### TASK OBJECTIVE
Below are the records; copy out every line that holds the word "device".

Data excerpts
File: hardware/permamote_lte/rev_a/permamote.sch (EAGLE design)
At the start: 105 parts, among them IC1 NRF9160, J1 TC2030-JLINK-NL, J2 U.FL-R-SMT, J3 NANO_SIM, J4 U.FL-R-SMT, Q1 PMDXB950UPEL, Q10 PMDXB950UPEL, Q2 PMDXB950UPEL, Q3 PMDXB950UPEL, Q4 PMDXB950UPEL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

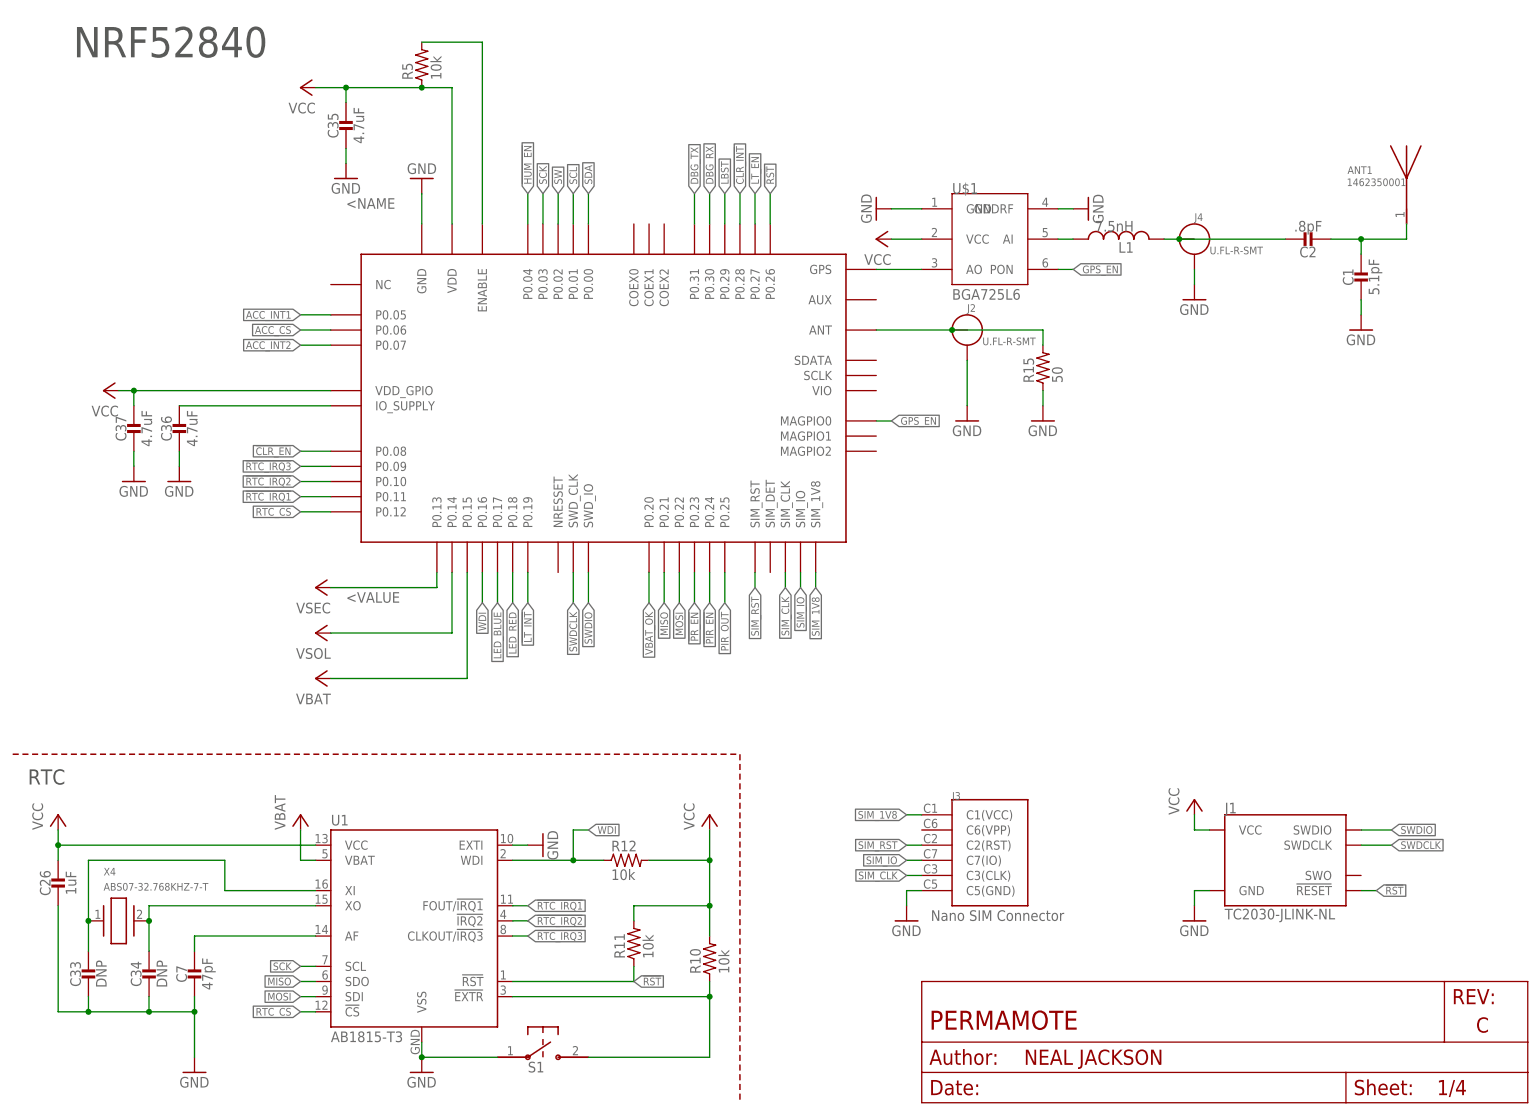
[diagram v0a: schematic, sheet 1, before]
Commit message: made revisions from schematic review
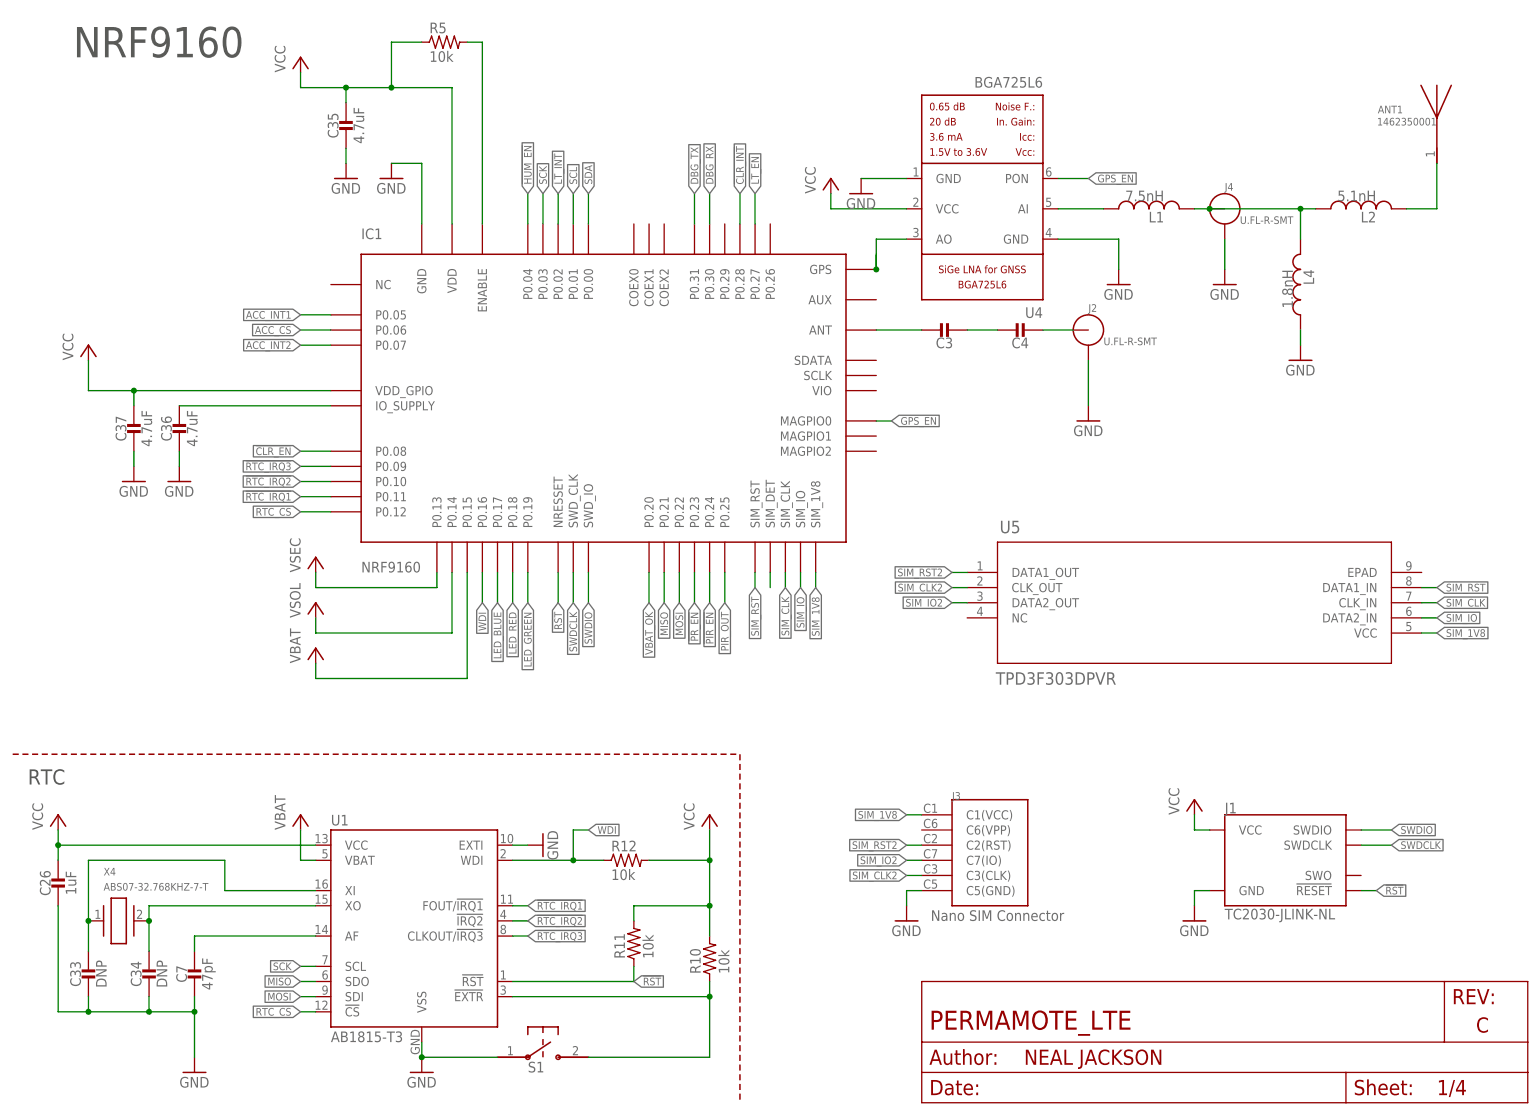
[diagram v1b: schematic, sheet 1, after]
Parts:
- removed C1: 5.1pF, passives:CAPACITOR0402_CAP
- removed C2: .8pF, passives:CAPACITOR0402_CAP
- removed R15: 50, passives:RESISTOR0402_RES
- removed U$1: BGA725L6, permamote:BGA725L6
- added C3, C4: (no value), passives:CAPACITOR0402_CAP
- added L2: 5.1nH, passives:INDUCTOR0402
- added L4: 1.8nH, passives:INDUCTOR0402
- added U4: BGA725L6, Particle:BGA725L6
- added U5: TPD3F303DPVR, TPD3F303:TPD3F303DPVR
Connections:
- removed net N$30: IC1.ANT, J2.ANT, R15.2
- removed net N$36: IC1.SIM_IO
- removed net N$37: IC1.SIM_CLK
- new net N$11: C4.2, J2.ANT
- new net N$40: J3.C2(RST)
- new net N$6: U4.PON
- new net N$7: C37.1, IC1.VDD_GPIO
- new net N$8: C3.2, C4.1
- new net N$9: C3.1, IC1.ANT
- new net SIM_CLK2: J3.C3(CLK), U5.CLK_OUT
- new net SIM_IO2: J3.C7(IO), U5.DATA2_OUT
- new net SIM_RST2: U5.DATA1_OUT
- net !LT_INT: now also IC1.P0.02; no longer IC1.P0.19
- net !RST: now also IC1.NRESSET; no longer IC1.P0.26
- net GND: now also L4.1, U4.GND@1, U4.GND@4; no longer C1.2, R15.1, U$1.GND, U$1.GNDRF
- net LBST: no longer IC1.P0.29
- net LED_GREEN: now also IC1.P0.19
- net N$1: now also U4.AO; no longer U$1.AO
- net N$2: now also U4.AI; no longer U$1.AI
- net N$3: now also IC1.SIM_DET; no longer U$1.PON
- net N$4: now also L2.1, L4.2; no longer C2.1
- net N$5: now also L2.2; no longer C1.1, C2.2
- net SIM_1V8: now also U5.VCC
- net SIM_CLK: now also IC1.SIM_CLK, U5.CLK_IN; no longer J3.C3(CLK)
- net SIM_IO: now also IC1.SIM_IO, U5.DATA2_IN; no longer J3.C7(IO)
- net SIM_RST: now also U5.DATA1_IN; no longer J3.C2(RST)
- net SW: no longer IC1.P0.02
- net VCC: now also U4.VCC; no longer C37.1, IC1.VDD_GPIO, U$1.VCC
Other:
- note added: "NRF9160"
- note removed: "NRF52840"
- note removed: "Only populate one MCU! Either populate the NRF52840 (Page 1) or NRF51822 (Page 2)"
- moved on the sheet: ANT1, J2, J4, L1, R5

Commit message: added sd card
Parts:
- added C1: 4.7uF, passives:CAPACITOR0402_CAP
- added J5: DM3AT-SF-PEJM5, connector:DM3AT-SF-PEJM5
- added R15, R6, R7: 10k, passives:RESISTOR0402_RES
- added R16, R19: 100k, passives:RESISTOR0402_RES
- added TP28, TP29, TP38: TEST_POINT_0.040IN, headers:TEST_POINT_0.040IN
- added U10: SIP32510, chips:SIP32510
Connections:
- new net !SD_CS: IC1.P0.26, J5.DATA3-CD/CS_N, R6.1
- new net !SD_DETECT: IC1.P0.27, J5.A, R16.1, TP38.TESTPOINT
- new net +3V3: R19.2, U10.VSUPP
- new net N$13: C1.1, J5.VCC, R15.2, R16.2, R6.2, R7.2, U10.VLOAD
- new net SD_ENABLE: IC1.P0.28, R19.1, U10.EN
- net !CLR_INT: now also IC1.P0.29; no longer IC1.P0.28
- net !LT_EN: now also IC1.P0.09; no longer IC1.P0.27
- net !RTC_IRQ3: no longer IC1.P0.09
- net GND: now also C1.2, J5.B, J5.GND, U10.GND
- net MISO: now also J5.DATA0/MISO, R15.1
- net MOSI: now also J5.CMD/MOSI, R7.1
- net SCK: now also J5.CLK
- net SIM_IO2: now also TP28.TESTPOINT
- net SIM_RST2: now also TP29.TESTPOINT
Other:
- note added: "SD Card Adapter"

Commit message: sch tweaks
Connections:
- removed net DBG_RX: IC1.P0.30
- removed net DBG_TX: IC1.P0.31
- net !CLR_EN: now also IC1.P0.30; no longer IC1.P0.08
- net !CLR_INT: now also IC1.P0.20; no longer IC1.P0.29
- net !HUM_EN: now also IC1.P0.17; no longer IC1.P0.04
- net !LT_EN: now also IC1.P0.18; no longer IC1.P0.09
- net !LT_INT: now also IC1.P0.04; no longer IC1.P0.02
- net !RTC_IRQ1: now also IC1.P0.09; no longer IC1.P0.11
- net !RTC_IRQ2: now also IC1.P0.11; no longer IC1.P0.10
- net !RTC_IRQ3: now also IC1.P0.10
- net LED_BLUE: now also IC1.P0.01; no longer IC1.P0.17
- net LED_GREEN: now also IC1.P0.02; no longer IC1.P0.19
- net LED_RED: now also IC1.P0.00; no longer IC1.P0.18
- net SCL: now also IC1.P0.19; no longer IC1.P0.01
- net SDA: now also IC1.P0.08; no longer IC1.P0.00
- net VBAT_OK: now also IC1.P0.29; no longer IC1.P0.20

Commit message: layout
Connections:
- net !CLR_EN: now also IC1.P0.08; no longer IC1.P0.30
- net !CLR_INT: now also IC1.P0.29; no longer IC1.P0.20
- net !HUM_EN: now also IC1.P0.04; no longer IC1.P0.17
- net !LT_EN: now also IC1.P0.30; no longer IC1.P0.18
- net !LT_INT: now also IC1.P0.02; no longer IC1.P0.04
- net !RTC_IRQ1: now also IC1.P0.11; no longer IC1.P0.09
- net !RTC_IRQ2: now also IC1.P0.10; no longer IC1.P0.11
- net !RTC_IRQ3: now also IC1.P0.09; no longer IC1.P0.10
- net LED_BLUE: now also IC1.P0.17; no longer IC1.P0.01
- net LED_GREEN: now also IC1.P0.19; no longer IC1.P0.02
- net LED_RED: now also IC1.P0.18; no longer IC1.P0.00
- net SCL: now also IC1.P0.01; no longer IC1.P0.19
- net SDA: now also IC1.P0.00; no longer IC1.P0.08
- net VBAT_OK: now also IC1.P0.20; no longer IC1.P0.29
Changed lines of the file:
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@@
 <part name="J4" library="connector" deviceset="U.FL-R-SMT" device=""/>
 <part name="GND28" library="supply1" library_urn="urn:adsk.eagle:library:371" deviceset="GND" device=""/>
+<part name="ANT1" library="1462350001" deviceset="1462350001" device=""/>
 <part name="BAT1" library="batteries" deviceset="2477THMCOINCELLCLIP" device=""/>
 <part name="GND32" library="supply1" library_urn="urn:adsk.eagle:library:371" deviceset="GND" device=""/>
@@
 <part name="TP28" library="headers" deviceset="TEST_POINT_0.040IN" device=""/>
 <part name="TP29" library="headers" deviceset="TEST_POINT_0.040IN" device=""/>
-<part name="ANT1" library="1462350001" deviceset="1462350001" device=""/>
 </parts>
 <sheets>
@@
 <attribute name="VALUE" x="200.66" y="134.62" size="1.778" layer="96"/>
 </instance>
+<instance part="ANT1" gate="G$1" x="238.76" y="162.56" smashed="yes">
+<attribute name="NAME" x="228.86041875" y="165.869590625" size="1.27291875" layer="95"/>
+<attribute name="VALUE" x="228.7332" y="163.83295" size="1.27295" layer="96"/>
+</instance>
 <instance part="GND32" gate="1" x="88.9" y="43.18" smashed="yes" rot="R90">
 <attribute name="VALUE" x="91.44" y="40.64" size="1.778" layer="96" rot="R90"/>
@@
 <attribute name="NAME" x="216.408" y="139.7" size="1.778" layer="95" ratio="12" rot="R270"/>
 <attribute name="VALUE" x="212.852" y="139.7" size="1.778" layer="96" ratio="12" rot="R270"/>
-</instance>
-<instance part="ANT1" gate="G$1" x="238.76" y="162.56" smashed="yes">
-<attribute name="NAME" x="228.86041875" y="165.869590625" size="1.27291875" layer="95"/>
-<attribute name="VALUE" x="228.7332" y="163.83295" size="1.27295" layer="96"/>
 </instance>
 </instances>
@@
 </segment>
 </net>
+<net name="SCL" class="0">
+<segment>
+<label x="93.98" y="152.4" size="1.27" layer="95" rot="R90" xref="yes"/>
+<wire x1="93.98" y1="147.32" x2="93.98" y2="152.4" width="0.1524" layer="91"/>
+<pinref part="IC1" gate="G$1" pin="P0.01"/>
+</segment>
+</net>
+<net name="SDA" class="0">
+<segment>
+<label x="96.52" y="152.4" size="1.27" layer="95" rot="R90" xref="yes"/>
+<wire x1="96.52" y1="147.32" x2="96.52" y2="152.4" width="0.1524" layer="91"/>
+<pinref part="IC1" gate="G$1" pin="P0.00"/>
+</segment>
+</net>
 <net name="N$25" class="0">
 <segment>
@@
 </segment>
 <segment>
-<pinref part="IC1" gate="G$1" pin="P0.09"/>
-<wire x1="53.34" y1="106.68" x2="48.26" y2="106.68" width="0.1524" layer="91"/>
-<label x="48.26" y="106.68" size="1.27" layer="95" rot="R180" xref="yes"/>
+<label x="48.26" y="101.6" size="1.27" layer="95" rot="R180" xref="yes"/>
+<wire x1="48.26" y1="101.6" x2="53.34" y2="101.6" width="0.1524" layer="91"/>
+<pinref part="IC1" gate="G$1" pin="P0.11"/>
 </segment>
 </net>
@@
 </segment>
 <segment>
-<label x="48.26" y="101.6" size="1.27" layer="95" rot="R180" xref="yes"/>
-<wire x1="48.26" y1="101.6" x2="53.34" y2="101.6" width="0.1524" layer="91"/>
-<pinref part="IC1" gate="G$1" pin="P0.11"/>
+<label x="48.26" y="104.14" size="1.27" layer="95" rot="R180" xref="yes"/>
+<wire x1="48.26" y1="104.14" x2="53.34" y2="104.14" width="0.1524" layer="91"/>
+<pinref part="IC1" gate="G$1" pin="P0.10"/>
 </segment>
 </net>
@@
 </segment>
 </net>
+<net name="!CLR_INT" class="0">
+<segment>
+<label x="119.38" y="152.4" size="1.27" layer="95" rot="R90" xref="yes"/>
+<pinref part="IC1" gate="G$1" pin="P0.29"/>
+<wire x1="119.38" y1="152.4" x2="119.38" y2="147.32" width="0.1524" layer="91"/>
+</segment>
+</net>
 <net name="!LT_INT" class="0">
 <segment>
-<label x="86.36" y="152.4" size="1.27" layer="95" rot="R90" xref="yes"/>
-<pinref part="IC1" gate="G$1" pin="P0.04"/>
-<wire x1="86.36" y1="152.4" x2="86.36" y2="147.32" width="0.1524" layer="91"/>
+<label x="91.44" y="152.4" size="1.27" layer="95" rot="R90" xref="yes"/>
+<wire x1="91.44" y1="147.32" x2="91.44" y2="152.4" width="0.1524" layer="91"/>
+<pinref part="IC1" gate="G$1" pin="P0.02"/>
 </segment>
 </net>
@@
 <net name="!CLR_EN" class="0">
 <segment>
-<pinref part="IC1" gate="G$1" pin="P0.30"/>
-<wire x1="116.84" y1="147.32" x2="116.84" y2="152.4" width="0.1524" layer="91"/>
-<label x="116.84" y="152.4" size="1.27" layer="95" rot="R90" xref="yes"/>
+<label x="48.26" y="109.22" size="1.27" layer="95" rot="R180" xref="yes"/>
+<wire x1="48.26" y1="109.22" x2="53.34" y2="109.22" width="0.1524" layer="91"/>
+<pinref part="IC1" gate="G$1" pin="P0.08"/>
 </segment>
 </net>
@@
 </segment>
 <segment>
-<label x="48.26" y="104.14" size="1.27" layer="95" rot="R180" xref="yes"/>
-<wire x1="48.26" y1="104.14" x2="53.34" y2="104.14" width="0.1524" layer="91"/>
-<pinref part="IC1" gate="G$1" pin="P0.10"/>
+<pinref part="IC1" gate="G$1" pin="P0.09"/>
+<wire x1="53.34" y1="106.68" x2="48.26" y2="106.68" width="0.1524" layer="91"/>
+<label x="48.26" y="106.68" size="1.27" layer="95" rot="R180" xref="yes"/>
 </segment>
 </net>
@@
 </segment>
 </net>
+<net name="!HUM_EN" class="0">
+<segment>
+<label x="86.36" y="152.4" size="1.27" layer="95" rot="R90" xref="yes"/>
+<wire x1="86.36" y1="152.4" x2="86.36" y2="147.32" width="0.1524" layer="91"/>
+<pinref part="IC1" gate="G$1" pin="P0.04"/>
+</segment>
+</net>
 <net name="!PR_EN" class="0">
 <segment>
@@
 <net name="!LT_EN" class="0">
 <segment>
+<label x="116.84" y="152.4" size="1.27" layer="95" rot="R90" xref="yes"/>
+<pinref part="IC1" gate="G$1" pin="P0.30"/>
+<wire x1="116.84" y1="152.4" x2="116.84" y2="147.32" width="0.1524" layer="91"/>
+</segment>
+</net>
+<net name="LED_RED" class="0">
+<segment>
+<label x="83.82" y="83.82" size="1.27" layer="95" rot="R270" xref="yes"/>
+<wire x1="83.82" y1="83.82" x2="83.82" y2="88.9" width="0.1524" layer="91"/>
 <pinref part="IC1" gate="G$1" pin="P0.18"/>
-<wire x1="83.82" y1="88.9" x2="83.82" y2="83.82" width="0.1524" layer="91"/>
-<label x="83.82" y="83.82" size="1.27" layer="95" rot="R270" xref="yes"/>
+</segment>
+</net>
+<net name="LED_BLUE" class="0">
+<segment>
+<label x="81.28" y="83.82" size="1.27" layer="95" rot="R270" xref="yes"/>
+<wire x1="81.28" y1="83.82" x2="81.28" y2="88.9" width="0.1524" layer="91"/>
+<pinref part="IC1" gate="G$1" pin="P0.17"/>
+</segment>
+</net>
+<net name="VBAT_OK" class="0">
+<segment>
+<label x="106.68" y="83.82" size="1.27" layer="95" rot="R270" xref="yes"/>
+<wire x1="106.68" y1="83.82" x2="106.68" y2="88.9" width="0.1524" layer="91"/>
+<pinref part="IC1" gate="G$1" pin="P0.20"/>
 </segment>
 </net>
@@
 <net name="N$5" class="0">
 <segment>
+<pinref part="ANT1" gate="G$1" pin="1"/>
 <wire x1="238.76" y1="149.86" x2="238.76" y2="157.48" width="0.1524" layer="91"/>
 <pinref part="L2" gate="G$1" pin="2"/>
 <wire x1="233.68" y1="149.86" x2="238.76" y2="149.86" width="0.1524" layer="91"/>
-<pinref part="ANT1" gate="G$1" pin="1"/>
+</segment>
+</net>
+<net name="LED_GREEN" class="0">
+<segment>
+<wire x1="86.36" y1="88.9" x2="86.36" y2="83.82" width="0.1524" layer="91"/>
+<label x="86.36" y="83.82" size="1.27" layer="95" rot="R270" xref="yes"/>
+<pinref part="IC1" gate="G$1" pin="P0.19"/>
 </segment>
 </net>
@@
 </segment>
 </net>
-<net name="!HUM_EN" class="0">
-<segment>
-<pinref part="IC1" gate="G$1" pin="P0.17"/>
-<wire x1="81.28" y1="88.9" x2="81.28" y2="83.82" width="0.1524" layer="91"/>
-<label x="81.28" y="83.82" size="1.27" layer="95" rot="R270" xref="yes"/>
-</segment>
-</net>
-<net name="LED_GREEN" class="0">
-<segment>
-<pinref part="IC1" gate="G$1" pin="P0.02"/>
-<wire x1="91.44" y1="147.32" x2="91.44" y2="152.4" width="0.1524" layer="91"/>
-<label x="91.44" y="152.4" size="1.27" layer="95" rot="R90" xref="yes"/>
-</segment>
-</net>
-<net name="LED_BLUE" class="0">
-<segment>
-<pinref part="IC1" gate="G$1" pin="P0.01"/>
-<wire x1="93.98" y1="147.32" x2="93.98" y2="152.4" width="0.1524" layer="91"/>
-<label x="93.98" y="152.4" size="1.27" layer="95" rot="R90" xref="yes"/>
-</segment>
-</net>
-<net name="!CLR_INT" class="0">
-<segment>
-<pinref part="IC1" gate="G$1" pin="P0.20"/>
-<wire x1="106.68" y1="88.9" x2="106.68" y2="83.82" width="0.1524" layer="91"/>
-<label x="106.68" y="83.82" size="1.27" layer="95" rot="R270" xref="yes"/>
-</segment>
-</net>
-<net name="VBAT_OK" class="0">
-<segment>
-<pinref part="IC1" gate="G$1" pin="P0.29"/>
-<wire x1="119.38" y1="147.32" x2="119.38" y2="152.4" width="0.1524" layer="91"/>
-<label x="119.38" y="152.4" size="1.27" layer="95" rot="R90" xref="yes"/>
-</segment>
-</net>
-<net name="LED_RED" class="0">
-<segment>
-<pinref part="IC1" gate="G$1" pin="P0.00"/>
-<wire x1="96.52" y1="147.32" x2="96.52" y2="152.4" width="0.1524" layer="91"/>
-<label x="96.52" y="152.4" size="1.27" layer="95" rot="R90" xref="yes"/>
-</segment>
-</net>
-<net name="SDA" class="0">
-<segment>
-<label x="48.26" y="109.22" size="1.27" layer="95" rot="R180" xref="yes"/>
-<pinref part="IC1" gate="G$1" pin="P0.08"/>
-<wire x1="48.26" y1="109.22" x2="53.34" y2="109.22" width="0.1524" layer="91"/>
-</segment>
-</net>
-<net name="SCL" class="0">
-<segment>
-<pinref part="IC1" gate="G$1" pin="P0.19"/>
-<wire x1="86.36" y1="88.9" x2="86.36" y2="83.82" width="0.1524" layer="91"/>
-<label x="86.36" y="83.82" size="1.27" layer="95" rot="R270" xref="yes"/>
-</segment>
-</net>

### TASK RESPONSE
 <part name="J4" library="connector" deviceset="U.FL-R-SMT" device=""/>
 <part name="GND28" library="supply1" library_urn="urn:adsk.eagle:library:371" deviceset="GND" device=""/>
+<part name="ANT1" library="1462350001" deviceset="1462350001" device=""/>
 <part name="BAT1" library="batteries" deviceset="2477THMCOINCELLCLIP" device=""/>
 <part name="GND32" library="supply1" library_urn="urn:adsk.eagle:library:371" deviceset="GND" device=""/>
 <part name="TP28" library="headers" deviceset="TEST_POINT_0.040IN" device=""/>
 <part name="TP29" library="headers" deviceset="TEST_POINT_0.040IN" device=""/>
-<part name="ANT1" library="1462350001" deviceset="1462350001" device=""/>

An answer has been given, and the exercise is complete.